Roar ho ho ho! It’s time for A Very Dinosaur Christmas by Adam Wallace

(courtesy Harper Collins Publishers Australia)

Now, if dinosaurs hadn’t died out some 65 million years ago when a rather big life-ending asteroid – well, almost life-ending; clearly the mammals dodged a bullet there – hit the earth, then it’s highly possible yoy might have been able to invite them to your festive celebrations.

But, asks Adam Wallace, with some rather brilliantly illustrative backing by Christopher Neilsen, would that have been a very good idea?

In his thoroughly delightful book, A Very Dinosaur Christmas, for kids aged 4-10, and honestly if you like dinosaurs, fun rhyming couplets and vibrantly colourful drawings of dinosaurs and pterodactyls partying away the festive night, and day, for adults too, Wallace muses rather wonderfully on what might should these prehistoric creatures ends up at your event.

Sure, as he says, “You’ve always thought dinosaurs are SUPER fascinating” – and yes, hands up, guilty as charged, we most certainly have – “But …”, and here’s the clincher, ‘… should they REALLY join in with your Christmas celebrating?”

“YES!” you might enthusiastically reply, your child and yep, your INNER child, thrilled at the idea of Dracorex or Brontosaurus adding some bulky terrible lizard fun to festive lunches and dinners, but what if the former chomped on your “fresh and crunchy” Christmas tree or the latter stuck their giant underwear up in lieu of a stocking?

Or what about if all the dinosaurs snored during a Christmas Eve sleepover?
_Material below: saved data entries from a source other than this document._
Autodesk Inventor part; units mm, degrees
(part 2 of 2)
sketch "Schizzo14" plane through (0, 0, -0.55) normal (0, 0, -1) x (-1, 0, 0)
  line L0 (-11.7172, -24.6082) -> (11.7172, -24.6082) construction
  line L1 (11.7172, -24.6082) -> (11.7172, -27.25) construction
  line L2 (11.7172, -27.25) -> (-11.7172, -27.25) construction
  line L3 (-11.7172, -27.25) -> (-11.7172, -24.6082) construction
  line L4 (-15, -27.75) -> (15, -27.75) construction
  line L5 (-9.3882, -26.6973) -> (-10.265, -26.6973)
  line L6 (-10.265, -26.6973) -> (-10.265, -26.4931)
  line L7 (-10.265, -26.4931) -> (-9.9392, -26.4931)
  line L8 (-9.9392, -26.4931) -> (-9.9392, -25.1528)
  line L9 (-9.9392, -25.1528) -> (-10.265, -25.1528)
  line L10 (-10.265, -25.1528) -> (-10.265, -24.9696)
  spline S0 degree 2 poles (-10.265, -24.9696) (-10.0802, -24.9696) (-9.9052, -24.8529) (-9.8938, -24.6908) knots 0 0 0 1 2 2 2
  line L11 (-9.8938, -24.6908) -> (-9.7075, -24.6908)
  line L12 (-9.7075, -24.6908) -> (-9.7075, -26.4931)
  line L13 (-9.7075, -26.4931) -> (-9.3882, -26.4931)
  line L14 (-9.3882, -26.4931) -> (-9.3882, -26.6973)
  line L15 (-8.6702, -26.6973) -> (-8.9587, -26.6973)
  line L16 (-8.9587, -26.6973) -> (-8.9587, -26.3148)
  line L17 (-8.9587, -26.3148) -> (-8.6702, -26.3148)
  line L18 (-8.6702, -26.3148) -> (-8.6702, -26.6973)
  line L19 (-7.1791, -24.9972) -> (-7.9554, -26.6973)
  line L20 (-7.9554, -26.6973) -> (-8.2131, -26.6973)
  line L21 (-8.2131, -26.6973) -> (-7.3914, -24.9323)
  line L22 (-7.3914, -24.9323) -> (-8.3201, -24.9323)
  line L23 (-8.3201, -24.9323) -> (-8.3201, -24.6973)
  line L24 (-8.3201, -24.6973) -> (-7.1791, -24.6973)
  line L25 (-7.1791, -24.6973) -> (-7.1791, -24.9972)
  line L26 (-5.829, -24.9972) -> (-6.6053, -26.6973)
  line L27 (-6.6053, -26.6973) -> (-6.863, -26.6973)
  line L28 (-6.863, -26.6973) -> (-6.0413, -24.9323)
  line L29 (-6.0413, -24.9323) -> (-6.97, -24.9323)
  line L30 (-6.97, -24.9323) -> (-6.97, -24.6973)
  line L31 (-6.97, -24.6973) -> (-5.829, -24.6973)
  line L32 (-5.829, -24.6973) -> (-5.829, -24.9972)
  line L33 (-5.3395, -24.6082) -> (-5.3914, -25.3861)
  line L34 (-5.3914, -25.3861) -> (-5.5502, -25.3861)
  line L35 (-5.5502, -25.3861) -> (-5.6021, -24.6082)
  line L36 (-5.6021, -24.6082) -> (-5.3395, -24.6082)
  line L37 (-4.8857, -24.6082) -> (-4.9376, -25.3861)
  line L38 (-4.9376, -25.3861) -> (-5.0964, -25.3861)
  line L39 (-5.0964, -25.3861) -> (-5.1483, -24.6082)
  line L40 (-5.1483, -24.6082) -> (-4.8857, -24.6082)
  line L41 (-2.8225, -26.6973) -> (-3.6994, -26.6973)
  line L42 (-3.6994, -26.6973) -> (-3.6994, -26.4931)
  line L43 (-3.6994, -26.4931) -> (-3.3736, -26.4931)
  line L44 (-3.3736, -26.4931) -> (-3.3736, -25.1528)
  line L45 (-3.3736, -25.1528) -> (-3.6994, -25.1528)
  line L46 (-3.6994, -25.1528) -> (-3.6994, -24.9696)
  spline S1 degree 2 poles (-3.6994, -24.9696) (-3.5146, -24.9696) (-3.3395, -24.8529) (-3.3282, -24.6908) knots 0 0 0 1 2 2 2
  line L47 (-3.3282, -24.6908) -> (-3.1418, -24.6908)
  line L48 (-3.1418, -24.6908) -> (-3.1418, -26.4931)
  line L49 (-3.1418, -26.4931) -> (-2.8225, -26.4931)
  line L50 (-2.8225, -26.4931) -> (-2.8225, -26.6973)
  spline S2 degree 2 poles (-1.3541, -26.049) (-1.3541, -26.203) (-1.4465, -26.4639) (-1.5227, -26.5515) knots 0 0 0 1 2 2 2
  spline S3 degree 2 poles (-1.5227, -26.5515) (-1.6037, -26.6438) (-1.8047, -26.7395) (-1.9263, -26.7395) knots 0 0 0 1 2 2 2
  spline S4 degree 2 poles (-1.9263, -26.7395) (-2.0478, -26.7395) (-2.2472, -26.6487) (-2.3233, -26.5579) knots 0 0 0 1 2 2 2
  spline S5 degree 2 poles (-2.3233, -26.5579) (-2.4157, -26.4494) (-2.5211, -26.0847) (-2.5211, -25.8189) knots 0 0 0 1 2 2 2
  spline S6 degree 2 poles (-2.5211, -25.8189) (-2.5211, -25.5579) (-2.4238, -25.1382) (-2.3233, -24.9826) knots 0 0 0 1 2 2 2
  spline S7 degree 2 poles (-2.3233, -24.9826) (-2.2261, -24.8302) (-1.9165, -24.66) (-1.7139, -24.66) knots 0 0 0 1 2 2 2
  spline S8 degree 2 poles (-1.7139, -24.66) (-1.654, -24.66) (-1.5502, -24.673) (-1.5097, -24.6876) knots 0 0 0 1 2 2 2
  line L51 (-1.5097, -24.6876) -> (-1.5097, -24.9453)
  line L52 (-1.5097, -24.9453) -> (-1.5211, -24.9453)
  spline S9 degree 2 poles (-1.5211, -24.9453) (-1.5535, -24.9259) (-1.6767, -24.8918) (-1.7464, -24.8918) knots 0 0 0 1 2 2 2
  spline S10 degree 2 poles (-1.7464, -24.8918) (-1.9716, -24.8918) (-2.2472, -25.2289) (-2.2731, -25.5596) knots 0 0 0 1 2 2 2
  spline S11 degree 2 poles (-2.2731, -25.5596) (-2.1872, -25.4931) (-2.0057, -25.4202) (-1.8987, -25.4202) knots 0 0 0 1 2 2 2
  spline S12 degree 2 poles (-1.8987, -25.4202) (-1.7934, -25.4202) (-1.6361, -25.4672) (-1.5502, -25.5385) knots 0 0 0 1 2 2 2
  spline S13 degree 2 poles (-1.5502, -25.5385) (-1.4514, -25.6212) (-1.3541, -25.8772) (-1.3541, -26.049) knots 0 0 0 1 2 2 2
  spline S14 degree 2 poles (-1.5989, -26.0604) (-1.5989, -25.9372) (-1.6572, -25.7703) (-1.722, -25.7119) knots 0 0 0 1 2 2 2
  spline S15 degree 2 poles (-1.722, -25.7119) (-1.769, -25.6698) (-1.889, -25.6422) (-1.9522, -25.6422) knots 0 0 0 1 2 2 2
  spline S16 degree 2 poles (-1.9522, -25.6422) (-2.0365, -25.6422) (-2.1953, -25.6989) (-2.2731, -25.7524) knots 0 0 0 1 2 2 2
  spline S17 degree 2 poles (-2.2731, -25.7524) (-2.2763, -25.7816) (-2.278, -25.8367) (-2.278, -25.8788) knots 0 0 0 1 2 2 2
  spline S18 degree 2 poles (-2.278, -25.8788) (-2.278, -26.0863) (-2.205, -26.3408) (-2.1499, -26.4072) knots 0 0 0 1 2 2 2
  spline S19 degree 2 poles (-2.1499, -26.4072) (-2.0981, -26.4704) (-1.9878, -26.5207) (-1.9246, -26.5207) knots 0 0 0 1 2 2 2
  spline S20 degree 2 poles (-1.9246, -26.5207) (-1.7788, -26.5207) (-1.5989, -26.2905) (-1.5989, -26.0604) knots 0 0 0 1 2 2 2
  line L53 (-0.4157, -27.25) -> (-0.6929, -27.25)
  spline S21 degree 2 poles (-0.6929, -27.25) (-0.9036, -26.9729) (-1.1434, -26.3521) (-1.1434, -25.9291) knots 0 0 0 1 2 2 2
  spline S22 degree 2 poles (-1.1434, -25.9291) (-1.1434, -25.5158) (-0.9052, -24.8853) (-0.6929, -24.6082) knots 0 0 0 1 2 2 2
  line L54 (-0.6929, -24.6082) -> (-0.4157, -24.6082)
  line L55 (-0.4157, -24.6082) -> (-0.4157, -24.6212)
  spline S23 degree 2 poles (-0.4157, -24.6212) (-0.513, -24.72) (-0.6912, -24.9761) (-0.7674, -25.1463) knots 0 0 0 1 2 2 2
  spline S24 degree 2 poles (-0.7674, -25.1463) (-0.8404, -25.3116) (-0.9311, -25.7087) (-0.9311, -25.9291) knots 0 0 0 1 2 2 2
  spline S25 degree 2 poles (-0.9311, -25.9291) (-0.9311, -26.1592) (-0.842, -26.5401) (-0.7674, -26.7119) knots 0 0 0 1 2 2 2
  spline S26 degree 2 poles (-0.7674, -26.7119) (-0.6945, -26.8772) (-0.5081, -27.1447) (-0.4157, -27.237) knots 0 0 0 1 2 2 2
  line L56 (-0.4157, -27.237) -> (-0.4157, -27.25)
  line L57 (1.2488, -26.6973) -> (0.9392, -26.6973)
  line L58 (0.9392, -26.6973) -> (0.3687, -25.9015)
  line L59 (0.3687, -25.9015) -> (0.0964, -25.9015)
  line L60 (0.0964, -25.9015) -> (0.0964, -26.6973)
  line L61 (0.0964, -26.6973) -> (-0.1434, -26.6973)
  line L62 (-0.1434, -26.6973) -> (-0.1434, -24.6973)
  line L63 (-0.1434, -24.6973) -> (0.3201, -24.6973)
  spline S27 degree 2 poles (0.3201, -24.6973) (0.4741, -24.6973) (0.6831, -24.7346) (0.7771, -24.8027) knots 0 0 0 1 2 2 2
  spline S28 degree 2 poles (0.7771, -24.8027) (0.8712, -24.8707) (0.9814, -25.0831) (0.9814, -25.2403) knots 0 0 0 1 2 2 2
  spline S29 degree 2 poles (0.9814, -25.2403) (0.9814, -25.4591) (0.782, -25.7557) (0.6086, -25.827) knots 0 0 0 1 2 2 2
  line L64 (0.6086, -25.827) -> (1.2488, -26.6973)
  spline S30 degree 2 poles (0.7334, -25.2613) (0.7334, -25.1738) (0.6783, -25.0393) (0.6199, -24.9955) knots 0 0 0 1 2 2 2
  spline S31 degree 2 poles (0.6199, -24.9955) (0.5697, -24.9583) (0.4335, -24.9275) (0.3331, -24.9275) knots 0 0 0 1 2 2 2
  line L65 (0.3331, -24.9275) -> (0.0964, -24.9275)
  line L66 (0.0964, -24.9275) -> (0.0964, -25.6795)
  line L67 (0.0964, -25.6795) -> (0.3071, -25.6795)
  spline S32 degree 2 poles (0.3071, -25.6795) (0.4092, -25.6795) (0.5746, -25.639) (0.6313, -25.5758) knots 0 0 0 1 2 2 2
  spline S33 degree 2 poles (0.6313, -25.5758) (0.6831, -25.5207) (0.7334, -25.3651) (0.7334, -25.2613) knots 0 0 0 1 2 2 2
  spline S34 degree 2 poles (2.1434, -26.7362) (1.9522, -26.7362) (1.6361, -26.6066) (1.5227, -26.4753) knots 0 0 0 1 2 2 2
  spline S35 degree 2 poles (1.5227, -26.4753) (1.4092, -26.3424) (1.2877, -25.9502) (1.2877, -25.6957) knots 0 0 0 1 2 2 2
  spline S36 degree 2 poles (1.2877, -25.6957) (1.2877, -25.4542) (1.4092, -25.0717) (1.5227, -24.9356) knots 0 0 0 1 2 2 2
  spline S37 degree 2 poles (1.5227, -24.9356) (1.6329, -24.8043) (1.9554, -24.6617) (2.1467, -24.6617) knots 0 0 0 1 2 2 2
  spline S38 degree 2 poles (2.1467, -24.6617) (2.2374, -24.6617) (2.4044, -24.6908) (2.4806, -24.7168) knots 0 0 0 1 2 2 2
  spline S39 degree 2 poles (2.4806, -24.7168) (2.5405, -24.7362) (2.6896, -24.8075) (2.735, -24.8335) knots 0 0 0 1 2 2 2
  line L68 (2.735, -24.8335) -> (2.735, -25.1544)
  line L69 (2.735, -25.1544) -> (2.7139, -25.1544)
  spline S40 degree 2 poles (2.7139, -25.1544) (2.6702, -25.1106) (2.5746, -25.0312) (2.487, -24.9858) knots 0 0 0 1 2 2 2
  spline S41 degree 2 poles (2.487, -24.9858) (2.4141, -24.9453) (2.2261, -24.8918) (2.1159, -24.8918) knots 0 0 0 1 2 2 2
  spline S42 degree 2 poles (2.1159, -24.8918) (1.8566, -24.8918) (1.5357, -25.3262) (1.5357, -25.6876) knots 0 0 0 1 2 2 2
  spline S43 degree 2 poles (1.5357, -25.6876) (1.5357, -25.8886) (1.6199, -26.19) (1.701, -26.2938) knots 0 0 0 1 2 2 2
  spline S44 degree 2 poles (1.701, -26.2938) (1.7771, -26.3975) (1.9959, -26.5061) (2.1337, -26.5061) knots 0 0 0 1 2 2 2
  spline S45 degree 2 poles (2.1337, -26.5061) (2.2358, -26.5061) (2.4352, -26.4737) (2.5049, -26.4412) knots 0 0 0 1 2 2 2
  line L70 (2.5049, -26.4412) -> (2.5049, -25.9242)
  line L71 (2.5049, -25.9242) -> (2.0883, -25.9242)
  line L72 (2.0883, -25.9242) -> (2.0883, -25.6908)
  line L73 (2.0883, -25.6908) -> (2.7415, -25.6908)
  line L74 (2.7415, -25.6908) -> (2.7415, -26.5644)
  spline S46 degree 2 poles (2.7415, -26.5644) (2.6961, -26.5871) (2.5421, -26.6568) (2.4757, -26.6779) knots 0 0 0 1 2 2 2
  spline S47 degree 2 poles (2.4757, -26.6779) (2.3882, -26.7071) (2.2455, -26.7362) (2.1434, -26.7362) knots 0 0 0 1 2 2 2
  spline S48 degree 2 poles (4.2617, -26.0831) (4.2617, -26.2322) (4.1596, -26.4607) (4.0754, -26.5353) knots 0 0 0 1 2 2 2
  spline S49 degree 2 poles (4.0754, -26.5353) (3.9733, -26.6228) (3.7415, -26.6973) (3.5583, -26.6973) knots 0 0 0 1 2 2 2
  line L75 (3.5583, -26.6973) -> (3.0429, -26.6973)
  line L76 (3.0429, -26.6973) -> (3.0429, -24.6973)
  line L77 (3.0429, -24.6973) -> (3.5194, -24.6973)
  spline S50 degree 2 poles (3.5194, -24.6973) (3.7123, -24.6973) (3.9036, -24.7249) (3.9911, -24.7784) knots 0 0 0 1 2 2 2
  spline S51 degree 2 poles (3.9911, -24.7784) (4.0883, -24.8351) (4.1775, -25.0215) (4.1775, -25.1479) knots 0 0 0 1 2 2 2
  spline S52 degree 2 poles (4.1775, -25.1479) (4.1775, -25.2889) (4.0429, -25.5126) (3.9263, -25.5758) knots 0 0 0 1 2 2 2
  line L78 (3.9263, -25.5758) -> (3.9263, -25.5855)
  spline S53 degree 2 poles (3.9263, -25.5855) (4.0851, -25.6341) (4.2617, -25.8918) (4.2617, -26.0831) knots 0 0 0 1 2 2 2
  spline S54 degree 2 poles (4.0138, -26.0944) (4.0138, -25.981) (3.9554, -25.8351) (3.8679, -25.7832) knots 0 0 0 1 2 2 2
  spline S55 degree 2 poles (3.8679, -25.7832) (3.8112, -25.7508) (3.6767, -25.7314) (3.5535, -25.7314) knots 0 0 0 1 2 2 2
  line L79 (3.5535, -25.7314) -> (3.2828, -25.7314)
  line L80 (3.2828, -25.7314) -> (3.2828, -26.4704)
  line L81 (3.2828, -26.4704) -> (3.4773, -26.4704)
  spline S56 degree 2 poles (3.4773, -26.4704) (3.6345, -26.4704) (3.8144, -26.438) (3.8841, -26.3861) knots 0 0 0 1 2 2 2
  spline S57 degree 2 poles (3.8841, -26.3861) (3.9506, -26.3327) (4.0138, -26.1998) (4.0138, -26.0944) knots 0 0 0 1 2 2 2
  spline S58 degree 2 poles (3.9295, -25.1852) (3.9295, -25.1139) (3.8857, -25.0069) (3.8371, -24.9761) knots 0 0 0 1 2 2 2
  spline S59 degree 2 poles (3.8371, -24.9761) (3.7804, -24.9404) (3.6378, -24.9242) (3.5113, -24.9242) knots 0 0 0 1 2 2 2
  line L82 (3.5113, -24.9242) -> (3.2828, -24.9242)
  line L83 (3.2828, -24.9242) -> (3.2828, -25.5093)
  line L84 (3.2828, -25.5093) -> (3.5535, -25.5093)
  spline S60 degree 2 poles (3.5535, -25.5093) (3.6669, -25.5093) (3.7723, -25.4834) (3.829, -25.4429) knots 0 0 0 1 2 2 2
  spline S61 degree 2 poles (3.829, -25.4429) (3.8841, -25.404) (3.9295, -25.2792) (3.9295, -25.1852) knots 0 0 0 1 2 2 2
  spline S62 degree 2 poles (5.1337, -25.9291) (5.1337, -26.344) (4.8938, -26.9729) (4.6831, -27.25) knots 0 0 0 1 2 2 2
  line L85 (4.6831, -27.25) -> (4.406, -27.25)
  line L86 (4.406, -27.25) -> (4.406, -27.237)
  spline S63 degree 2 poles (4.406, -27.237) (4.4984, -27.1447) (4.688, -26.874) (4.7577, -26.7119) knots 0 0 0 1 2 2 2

It’s hard enough to get to sleep waiting for Santa but with a dinosaur or ten snoring their snouts off? Well, nigh impossible and you know you can’t be awake when the big man in red shimmies down that chimney of yours.

And don’t even mention what might happen if an ankylosaurus tried to be Santa and go down said chimney but with none of Santa’s magic to smooth the way.

Yeah, Wallace is right – “Well, that’s just tragic!”

But in this gloriously enthusiastic and vibrantly colourful book, Wallace then asks what if a festive pterodactyl swooped down from the sky and took you on a magical flight?

Might that change things then?

Quite possibly, and so, while A Very Dinosaur Christmas begins as a cautionary tale about having dinosaurs chomping all your festive fare in one big, hungry gulp, it ends far more positively with even T. Rex and his impossibly small arms getting just the present they need.

A Very Dinosaur Christmas has just the right amount of playfulness and silliness to it to make it engaging for your little one, and yes, again, you will have a HOOT reading it, with dinosaurs being quite terrible and then not, with pterodactyl sleighs and Triceratops delivering gifts in “their own festive way”.

This absolutely charming board book finishes on a brilliantly festive high note, so much so that the kids in the story not only are thankful the dinosaurs were there for Christmas but want them there for Easter too.

As festive tales go, it has the lot, with gloriously jaunty poetry, artwork to cheer the soul with rich colours and playful scenes, and a warm hug of a sense that Christmas with some prehistoric friends may not be so bad, after all.